Podría decir que sin los eféctos gráficos (creo que no funcionan lento con mi chip gráfico de mi laptop) me atrevería a decir que se ejecuta más rápido que la serie 3.5. sin mencionar que tode se ve myt bien ahora.

Deberían probar kde 4.2.2 para quien aún no lo tenga, yo creo que si vale la pena compilarlo  :Very Happy: 

Saludos !

----------

## pelelademadera

todo muy lindo. pero el problema que tengo es amarok

no me carga la coleccion.... como si no encontrara musica,

la tengo que agregar desde los archivos.

con respecto a kde.

desde la 4.1 mejoro muchisimo a la 4.0 y la 4.2 tambien mejoro muchisimo.
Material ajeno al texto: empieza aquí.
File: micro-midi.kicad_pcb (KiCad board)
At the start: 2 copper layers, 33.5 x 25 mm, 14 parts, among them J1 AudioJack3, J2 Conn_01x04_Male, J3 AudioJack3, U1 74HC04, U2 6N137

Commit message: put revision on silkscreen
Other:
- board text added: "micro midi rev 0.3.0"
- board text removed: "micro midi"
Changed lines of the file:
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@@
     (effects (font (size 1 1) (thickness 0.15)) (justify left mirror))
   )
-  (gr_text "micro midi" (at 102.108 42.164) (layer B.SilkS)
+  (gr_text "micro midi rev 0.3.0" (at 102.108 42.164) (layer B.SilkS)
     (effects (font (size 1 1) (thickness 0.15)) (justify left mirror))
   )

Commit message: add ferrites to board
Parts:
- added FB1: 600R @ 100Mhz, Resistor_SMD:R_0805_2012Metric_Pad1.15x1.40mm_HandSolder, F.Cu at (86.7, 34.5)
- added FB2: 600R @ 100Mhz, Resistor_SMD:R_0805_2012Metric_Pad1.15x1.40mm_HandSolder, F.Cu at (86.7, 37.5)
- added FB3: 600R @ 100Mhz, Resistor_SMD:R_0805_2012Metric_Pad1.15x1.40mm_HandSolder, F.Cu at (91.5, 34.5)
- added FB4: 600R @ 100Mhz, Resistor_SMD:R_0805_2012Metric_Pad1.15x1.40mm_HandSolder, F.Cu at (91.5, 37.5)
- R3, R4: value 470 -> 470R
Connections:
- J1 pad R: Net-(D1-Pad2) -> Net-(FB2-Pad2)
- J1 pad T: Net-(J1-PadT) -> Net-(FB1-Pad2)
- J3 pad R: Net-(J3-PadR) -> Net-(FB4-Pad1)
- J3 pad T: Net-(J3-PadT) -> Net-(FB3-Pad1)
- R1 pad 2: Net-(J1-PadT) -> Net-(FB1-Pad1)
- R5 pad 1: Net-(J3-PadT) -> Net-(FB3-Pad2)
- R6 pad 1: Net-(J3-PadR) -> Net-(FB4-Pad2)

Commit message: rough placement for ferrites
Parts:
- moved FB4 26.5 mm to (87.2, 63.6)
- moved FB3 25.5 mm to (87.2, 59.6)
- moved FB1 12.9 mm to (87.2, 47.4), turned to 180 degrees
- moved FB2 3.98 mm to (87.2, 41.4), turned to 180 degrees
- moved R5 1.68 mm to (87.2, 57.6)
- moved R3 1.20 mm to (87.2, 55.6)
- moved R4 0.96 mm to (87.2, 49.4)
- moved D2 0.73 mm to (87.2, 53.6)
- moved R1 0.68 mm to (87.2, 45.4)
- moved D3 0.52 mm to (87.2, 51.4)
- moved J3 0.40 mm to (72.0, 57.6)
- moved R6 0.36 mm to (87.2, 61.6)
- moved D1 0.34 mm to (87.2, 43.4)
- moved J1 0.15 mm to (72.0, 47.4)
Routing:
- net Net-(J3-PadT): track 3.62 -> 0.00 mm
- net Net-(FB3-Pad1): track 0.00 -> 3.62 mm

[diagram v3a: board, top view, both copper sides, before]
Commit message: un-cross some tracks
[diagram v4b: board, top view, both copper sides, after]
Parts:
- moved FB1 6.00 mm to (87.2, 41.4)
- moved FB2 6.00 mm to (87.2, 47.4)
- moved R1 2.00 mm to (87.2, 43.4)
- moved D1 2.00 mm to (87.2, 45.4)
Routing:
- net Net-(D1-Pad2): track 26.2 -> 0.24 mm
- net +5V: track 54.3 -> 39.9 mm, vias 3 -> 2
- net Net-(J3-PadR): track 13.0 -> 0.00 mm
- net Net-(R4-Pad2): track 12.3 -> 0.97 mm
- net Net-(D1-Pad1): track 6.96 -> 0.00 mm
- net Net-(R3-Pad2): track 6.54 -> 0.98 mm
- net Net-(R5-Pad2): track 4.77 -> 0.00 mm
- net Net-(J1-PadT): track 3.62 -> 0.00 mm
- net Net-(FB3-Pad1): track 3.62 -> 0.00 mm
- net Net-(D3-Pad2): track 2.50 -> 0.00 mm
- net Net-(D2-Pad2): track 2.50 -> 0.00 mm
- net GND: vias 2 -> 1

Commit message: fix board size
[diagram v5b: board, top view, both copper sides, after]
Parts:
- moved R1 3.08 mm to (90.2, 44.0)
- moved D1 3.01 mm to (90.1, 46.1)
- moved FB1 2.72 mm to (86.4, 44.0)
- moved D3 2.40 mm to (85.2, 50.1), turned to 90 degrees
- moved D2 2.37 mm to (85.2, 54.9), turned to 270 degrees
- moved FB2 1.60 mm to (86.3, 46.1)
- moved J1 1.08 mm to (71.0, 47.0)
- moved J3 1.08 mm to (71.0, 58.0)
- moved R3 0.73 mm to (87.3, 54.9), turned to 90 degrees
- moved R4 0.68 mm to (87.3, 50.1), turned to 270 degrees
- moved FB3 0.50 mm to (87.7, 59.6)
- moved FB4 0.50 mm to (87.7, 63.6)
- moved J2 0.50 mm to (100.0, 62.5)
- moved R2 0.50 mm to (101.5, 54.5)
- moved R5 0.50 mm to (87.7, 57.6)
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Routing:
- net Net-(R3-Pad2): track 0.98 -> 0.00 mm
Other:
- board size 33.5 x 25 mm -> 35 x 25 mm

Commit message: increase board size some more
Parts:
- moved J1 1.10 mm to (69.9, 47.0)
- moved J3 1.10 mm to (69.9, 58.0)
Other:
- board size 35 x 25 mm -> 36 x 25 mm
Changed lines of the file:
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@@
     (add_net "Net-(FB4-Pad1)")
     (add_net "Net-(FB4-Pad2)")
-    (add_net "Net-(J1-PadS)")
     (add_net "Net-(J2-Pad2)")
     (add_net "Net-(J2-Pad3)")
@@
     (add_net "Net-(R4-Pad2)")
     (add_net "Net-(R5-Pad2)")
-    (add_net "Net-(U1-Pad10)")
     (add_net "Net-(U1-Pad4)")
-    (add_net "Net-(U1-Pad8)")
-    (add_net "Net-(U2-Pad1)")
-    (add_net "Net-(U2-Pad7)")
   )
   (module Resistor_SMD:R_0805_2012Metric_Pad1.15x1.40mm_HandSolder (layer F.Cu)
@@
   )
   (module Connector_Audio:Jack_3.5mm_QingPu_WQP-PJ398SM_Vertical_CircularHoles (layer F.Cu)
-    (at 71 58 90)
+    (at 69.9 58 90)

anda de 10, pero faltan apps

----------

## JuanSimpson

puedes usar los programas del 3.5 sin problemas, yo tengo media-sound/amarok-1.4.10_p20090130-r1 y otros  :Very Happy: 

----------

## pelelademadera

solucionado lo de amarok.

es incompatibilidad con mysql

claramente solucione enmascarando

=dev-db/mysql-5.0.76-r1

=media-sound/amarok-2.0.2-r1

----------

## Coghan

 *pelelademadera wrote:*   

> solucionado lo de amarok.
> 
> es incompatibilidad con mysql
> 
> claramente solucione enmascarando
> ...

 

¿Porqué enmascarar mysql?, ¿no es mejor quitar la USE mysql?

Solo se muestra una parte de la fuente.